● **Exercise brief**: From the first line to the last, repeat the records exactly and skip the pictures.

-------- Available data

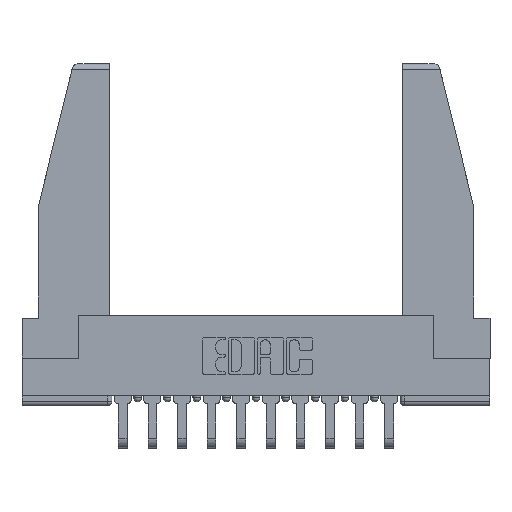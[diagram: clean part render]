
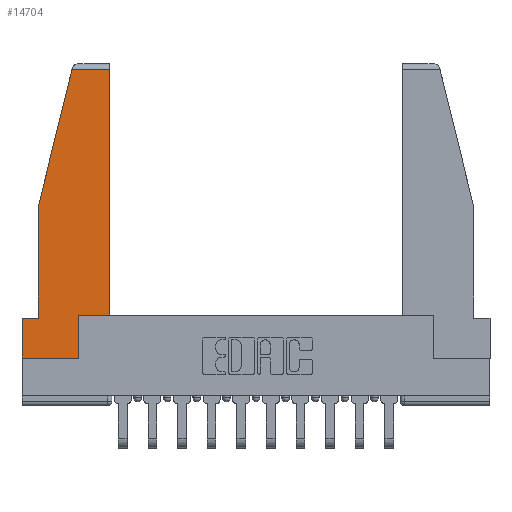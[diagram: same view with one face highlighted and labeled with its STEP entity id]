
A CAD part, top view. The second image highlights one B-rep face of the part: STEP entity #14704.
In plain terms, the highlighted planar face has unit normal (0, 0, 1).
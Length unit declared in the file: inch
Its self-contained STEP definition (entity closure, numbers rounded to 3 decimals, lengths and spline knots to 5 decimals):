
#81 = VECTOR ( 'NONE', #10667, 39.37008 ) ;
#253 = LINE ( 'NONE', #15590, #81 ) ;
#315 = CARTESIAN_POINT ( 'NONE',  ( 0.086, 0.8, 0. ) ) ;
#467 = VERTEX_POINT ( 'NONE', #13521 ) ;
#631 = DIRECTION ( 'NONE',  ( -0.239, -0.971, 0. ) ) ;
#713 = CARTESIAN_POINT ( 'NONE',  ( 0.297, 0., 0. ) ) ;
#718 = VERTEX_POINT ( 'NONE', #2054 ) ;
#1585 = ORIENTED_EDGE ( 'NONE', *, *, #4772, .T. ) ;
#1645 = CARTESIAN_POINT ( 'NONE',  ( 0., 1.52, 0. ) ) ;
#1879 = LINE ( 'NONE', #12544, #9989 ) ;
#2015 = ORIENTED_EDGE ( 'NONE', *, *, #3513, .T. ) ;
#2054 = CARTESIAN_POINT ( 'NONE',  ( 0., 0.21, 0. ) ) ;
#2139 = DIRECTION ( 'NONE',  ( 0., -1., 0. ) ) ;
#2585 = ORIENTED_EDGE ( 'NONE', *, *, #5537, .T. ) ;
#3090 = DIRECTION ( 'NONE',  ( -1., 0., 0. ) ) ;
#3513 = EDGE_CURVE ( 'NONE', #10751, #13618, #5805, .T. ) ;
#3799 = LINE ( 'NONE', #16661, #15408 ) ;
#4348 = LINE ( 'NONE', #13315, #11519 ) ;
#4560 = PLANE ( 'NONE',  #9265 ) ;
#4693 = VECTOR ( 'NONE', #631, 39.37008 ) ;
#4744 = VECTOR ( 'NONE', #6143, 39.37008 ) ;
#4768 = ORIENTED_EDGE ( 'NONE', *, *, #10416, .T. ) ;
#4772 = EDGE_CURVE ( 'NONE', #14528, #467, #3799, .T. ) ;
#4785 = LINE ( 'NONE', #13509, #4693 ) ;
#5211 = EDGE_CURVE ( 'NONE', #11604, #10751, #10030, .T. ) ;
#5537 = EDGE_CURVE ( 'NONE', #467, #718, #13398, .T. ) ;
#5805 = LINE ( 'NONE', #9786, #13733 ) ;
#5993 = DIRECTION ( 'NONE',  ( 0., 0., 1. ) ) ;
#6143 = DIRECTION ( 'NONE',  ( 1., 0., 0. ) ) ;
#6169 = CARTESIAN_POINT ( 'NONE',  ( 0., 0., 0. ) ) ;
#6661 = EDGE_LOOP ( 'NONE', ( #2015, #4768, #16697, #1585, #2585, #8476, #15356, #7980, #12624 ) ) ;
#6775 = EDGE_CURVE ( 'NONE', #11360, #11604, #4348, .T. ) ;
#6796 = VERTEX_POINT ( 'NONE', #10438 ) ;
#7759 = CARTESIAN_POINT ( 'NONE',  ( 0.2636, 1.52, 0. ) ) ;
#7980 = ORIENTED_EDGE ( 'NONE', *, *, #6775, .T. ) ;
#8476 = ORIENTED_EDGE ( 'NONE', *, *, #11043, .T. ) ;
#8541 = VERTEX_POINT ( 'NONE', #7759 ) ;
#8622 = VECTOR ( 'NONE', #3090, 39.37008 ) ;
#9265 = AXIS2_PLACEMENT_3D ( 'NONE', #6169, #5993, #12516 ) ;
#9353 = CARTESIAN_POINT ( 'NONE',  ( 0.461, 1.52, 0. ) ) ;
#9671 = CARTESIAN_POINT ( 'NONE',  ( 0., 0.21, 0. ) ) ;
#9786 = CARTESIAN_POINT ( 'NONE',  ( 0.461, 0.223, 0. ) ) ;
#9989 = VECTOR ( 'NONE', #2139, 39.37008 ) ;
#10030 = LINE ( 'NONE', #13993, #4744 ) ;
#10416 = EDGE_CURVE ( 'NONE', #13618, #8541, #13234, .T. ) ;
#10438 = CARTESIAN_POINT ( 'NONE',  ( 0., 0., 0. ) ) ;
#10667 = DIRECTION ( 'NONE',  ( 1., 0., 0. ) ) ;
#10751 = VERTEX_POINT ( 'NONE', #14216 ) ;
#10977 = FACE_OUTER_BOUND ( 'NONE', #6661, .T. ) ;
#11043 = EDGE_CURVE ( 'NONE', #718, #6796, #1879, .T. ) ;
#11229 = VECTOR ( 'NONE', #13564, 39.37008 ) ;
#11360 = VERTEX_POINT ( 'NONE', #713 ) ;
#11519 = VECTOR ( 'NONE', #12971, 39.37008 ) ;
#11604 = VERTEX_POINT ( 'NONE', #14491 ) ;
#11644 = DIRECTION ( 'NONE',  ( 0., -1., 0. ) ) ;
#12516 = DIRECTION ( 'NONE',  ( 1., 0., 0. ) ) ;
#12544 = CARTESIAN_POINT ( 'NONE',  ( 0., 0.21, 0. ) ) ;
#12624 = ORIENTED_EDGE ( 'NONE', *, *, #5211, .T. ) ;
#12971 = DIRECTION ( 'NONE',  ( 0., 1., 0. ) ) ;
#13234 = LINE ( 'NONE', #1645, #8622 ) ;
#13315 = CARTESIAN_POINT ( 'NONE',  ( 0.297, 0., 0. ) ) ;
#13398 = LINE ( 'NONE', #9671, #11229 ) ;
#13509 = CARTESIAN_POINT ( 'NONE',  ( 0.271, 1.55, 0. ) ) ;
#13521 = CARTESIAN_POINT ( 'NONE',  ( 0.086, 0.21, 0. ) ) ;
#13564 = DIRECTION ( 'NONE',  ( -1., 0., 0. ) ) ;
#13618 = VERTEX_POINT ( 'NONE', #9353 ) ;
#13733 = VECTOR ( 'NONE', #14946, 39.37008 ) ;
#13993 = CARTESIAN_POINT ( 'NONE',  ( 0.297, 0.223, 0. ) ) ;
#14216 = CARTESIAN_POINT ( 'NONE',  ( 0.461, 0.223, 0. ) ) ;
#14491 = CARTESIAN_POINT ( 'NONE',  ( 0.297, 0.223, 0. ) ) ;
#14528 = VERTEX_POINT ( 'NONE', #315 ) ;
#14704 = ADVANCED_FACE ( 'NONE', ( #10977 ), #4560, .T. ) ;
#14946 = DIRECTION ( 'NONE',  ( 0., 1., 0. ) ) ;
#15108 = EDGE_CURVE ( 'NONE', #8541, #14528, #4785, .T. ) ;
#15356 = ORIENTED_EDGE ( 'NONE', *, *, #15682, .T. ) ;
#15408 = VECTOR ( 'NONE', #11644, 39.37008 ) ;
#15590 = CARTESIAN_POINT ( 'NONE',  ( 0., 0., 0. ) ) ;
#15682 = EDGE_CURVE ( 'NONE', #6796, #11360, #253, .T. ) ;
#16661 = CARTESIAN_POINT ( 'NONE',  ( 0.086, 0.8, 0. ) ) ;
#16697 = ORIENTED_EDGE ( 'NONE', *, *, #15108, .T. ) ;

----------------

● **Solution to the problem**:
[diagram: clean part render]
[diagram: same view with one face highlighted and labeled with its STEP entity id]
A CAD part, top view. The second image highlights one B-rep face of the part: STEP entity #14704.
In plain terms, the highlighted planar face has unit normal (0, 0, 1).
Length unit declared in the file: inch
Its self-contained STEP definition (entity closure, numbers rounded to 3 decimals, lengths and spline knots to 5 decimals):
#81 = VECTOR ( 'NONE', #10667, 39.37008 ) ;
#253 = LINE ( 'NONE', #15590, #81 ) ;
#315 = CARTESIAN_POINT ( 'NONE',  ( 0.086, 0.8, 0. ) ) ;
#467 = VERTEX_POINT ( 'NONE', #13521 ) ;
#631 = DIRECTION ( 'NONE',  ( -0.239, -0.971, 0. ) ) ;
#713 = CARTESIAN_POINT ( 'NONE',  ( 0.297, 0., 0. ) ) ;
#718 = VERTEX_POINT ( 'NONE', #2054 ) ;
#1585 = ORIENTED_EDGE ( 'NONE', *, *, #4772, .T. ) ;
#1645 = CARTESIAN_POINT ( 'NONE',  ( 0., 1.52, 0. ) ) ;
#1879 = LINE ( 'NONE', #12544, #9989 ) ;
#2015 = ORIENTED_EDGE ( 'NONE', *, *, #3513, .T. ) ;
#2054 = CARTESIAN_POINT ( 'NONE',  ( 0., 0.21, 0. ) ) ;
#2139 = DIRECTION ( 'NONE',  ( 0., -1., 0. ) ) ;
#2585 = ORIENTED_EDGE ( 'NONE', *, *, #5537, .T. ) ;
#3090 = DIRECTION ( 'NONE',  ( -1., 0., 0. ) ) ;
#3513 = EDGE_CURVE ( 'NONE', #10751, #13618, #5805, .T. ) ;
#3799 = LINE ( 'NONE', #16661, #15408 ) ;
#4348 = LINE ( 'NONE', #13315, #11519 ) ;
#4560 = PLANE ( 'NONE',  #9265 ) ;
#4693 = VECTOR ( 'NONE', #631, 39.37008 ) ;
#4744 = VECTOR ( 'NONE', #6143, 39.37008 ) ;
#4768 = ORIENTED_EDGE ( 'NONE', *, *, #10416, .T. ) ;
#4772 = EDGE_CURVE ( 'NONE', #14528, #467, #3799, .T. ) ;
#4785 = LINE ( 'NONE', #13509, #4693 ) ;
#5211 = EDGE_CURVE ( 'NONE', #11604, #10751, #10030, .T. ) ;
#5537 = EDGE_CURVE ( 'NONE', #467, #718, #13398, .T. ) ;
#5805 = LINE ( 'NONE', #9786, #13733 ) ;
#5993 = DIRECTION ( 'NONE',  ( 0., 0., 1. ) ) ;
#6143 = DIRECTION ( 'NONE',  ( 1., 0., 0. ) ) ;
#6169 = CARTESIAN_POINT ( 'NONE',  ( 0., 0., 0. ) ) ;
#6661 = EDGE_LOOP ( 'NONE', ( #2015, #4768, #16697, #1585, #2585, #8476, #15356, #7980, #12624 ) ) ;
#6775 = EDGE_CURVE ( 'NONE', #11360, #11604, #4348, .T. ) ;
#6796 = VERTEX_POINT ( 'NONE', #10438 ) ;
#7759 = CARTESIAN_POINT ( 'NONE',  ( 0.2636, 1.52, 0. ) ) ;
#7980 = ORIENTED_EDGE ( 'NONE', *, *, #6775, .T. ) ;
#8476 = ORIENTED_EDGE ( 'NONE', *, *, #11043, .T. ) ;
#8541 = VERTEX_POINT ( 'NONE', #7759 ) ;
#8622 = VECTOR ( 'NONE', #3090, 39.37008 ) ;
#9265 = AXIS2_PLACEMENT_3D ( 'NONE', #6169, #5993, #12516 ) ;
#9353 = CARTESIAN_POINT ( 'NONE',  ( 0.461, 1.52, 0. ) ) ;
#9671 = CARTESIAN_POINT ( 'NONE',  ( 0., 0.21, 0. ) ) ;
#9786 = CARTESIAN_POINT ( 'NONE',  ( 0.461, 0.223, 0. ) ) ;
#9989 = VECTOR ( 'NONE', #2139, 39.37008 ) ;
#10030 = LINE ( 'NONE', #13993, #4744 ) ;
#10416 = EDGE_CURVE ( 'NONE', #13618, #8541, #13234, .T. ) ;
#10438 = CARTESIAN_POINT ( 'NONE',  ( 0., 0., 0. ) ) ;
#10667 = DIRECTION ( 'NONE',  ( 1., 0., 0. ) ) ;
#10751 = VERTEX_POINT ( 'NONE', #14216 ) ;
#10977 = FACE_OUTER_BOUND ( 'NONE', #6661, .T. ) ;
#11043 = EDGE_CURVE ( 'NONE', #718, #6796, #1879, .T. ) ;
#11229 = VECTOR ( 'NONE', #13564, 39.37008 ) ;
#11360 = VERTEX_POINT ( 'NONE', #713 ) ;
#11519 = VECTOR ( 'NONE', #12971, 39.37008 ) ;
#11604 = VERTEX_POINT ( 'NONE', #14491 ) ;
#11644 = DIRECTION ( 'NONE',  ( 0., -1., 0. ) ) ;
#12516 = DIRECTION ( 'NONE',  ( 1., 0., 0. ) ) ;
#12544 = CARTESIAN_POINT ( 'NONE',  ( 0., 0.21, 0. ) ) ;
#12624 = ORIENTED_EDGE ( 'NONE', *, *, #5211, .T. ) ;
#12971 = DIRECTION ( 'NONE',  ( 0., 1., 0. ) ) ;
#13234 = LINE ( 'NONE', #1645, #8622 ) ;
#13315 = CARTESIAN_POINT ( 'NONE',  ( 0.297, 0., 0. ) ) ;
#13398 = LINE ( 'NONE', #9671, #11229 ) ;
#13509 = CARTESIAN_POINT ( 'NONE',  ( 0.271, 1.55, 0. ) ) ;
#13521 = CARTESIAN_POINT ( 'NONE',  ( 0.086, 0.21, 0. ) ) ;
#13564 = DIRECTION ( 'NONE',  ( -1., 0., 0. ) ) ;
#13618 = VERTEX_POINT ( 'NONE', #9353 ) ;
#13733 = VECTOR ( 'NONE', #14946, 39.37008 ) ;
#13993 = CARTESIAN_POINT ( 'NONE',  ( 0.297, 0.223, 0. ) ) ;
#14216 = CARTESIAN_POINT ( 'NONE',  ( 0.461, 0.223, 0. ) ) ;
#14491 = CARTESIAN_POINT ( 'NONE',  ( 0.297, 0.223, 0. ) ) ;
#14528 = VERTEX_POINT ( 'NONE', #315 ) ;
#14704 = ADVANCED_FACE ( 'NONE', ( #10977 ), #4560, .T. ) ;
#14946 = DIRECTION ( 'NONE',  ( 0., 1., 0. ) ) ;
#15108 = EDGE_CURVE ( 'NONE', #8541, #14528, #4785, .T. ) ;
#15356 = ORIENTED_EDGE ( 'NONE', *, *, #15682, .T. ) ;
#15408 = VECTOR ( 'NONE', #11644, 39.37008 ) ;
#15590 = CARTESIAN_POINT ( 'NONE',  ( 0., 0., 0. ) ) ;
#15682 = EDGE_CURVE ( 'NONE', #6796, #11360, #253, .T. ) ;
#16661 = CARTESIAN_POINT ( 'NONE',  ( 0.086, 0.8, 0. ) ) ;
#16697 = ORIENTED_EDGE ( 'NONE', *, *, #15108, .T. ) ;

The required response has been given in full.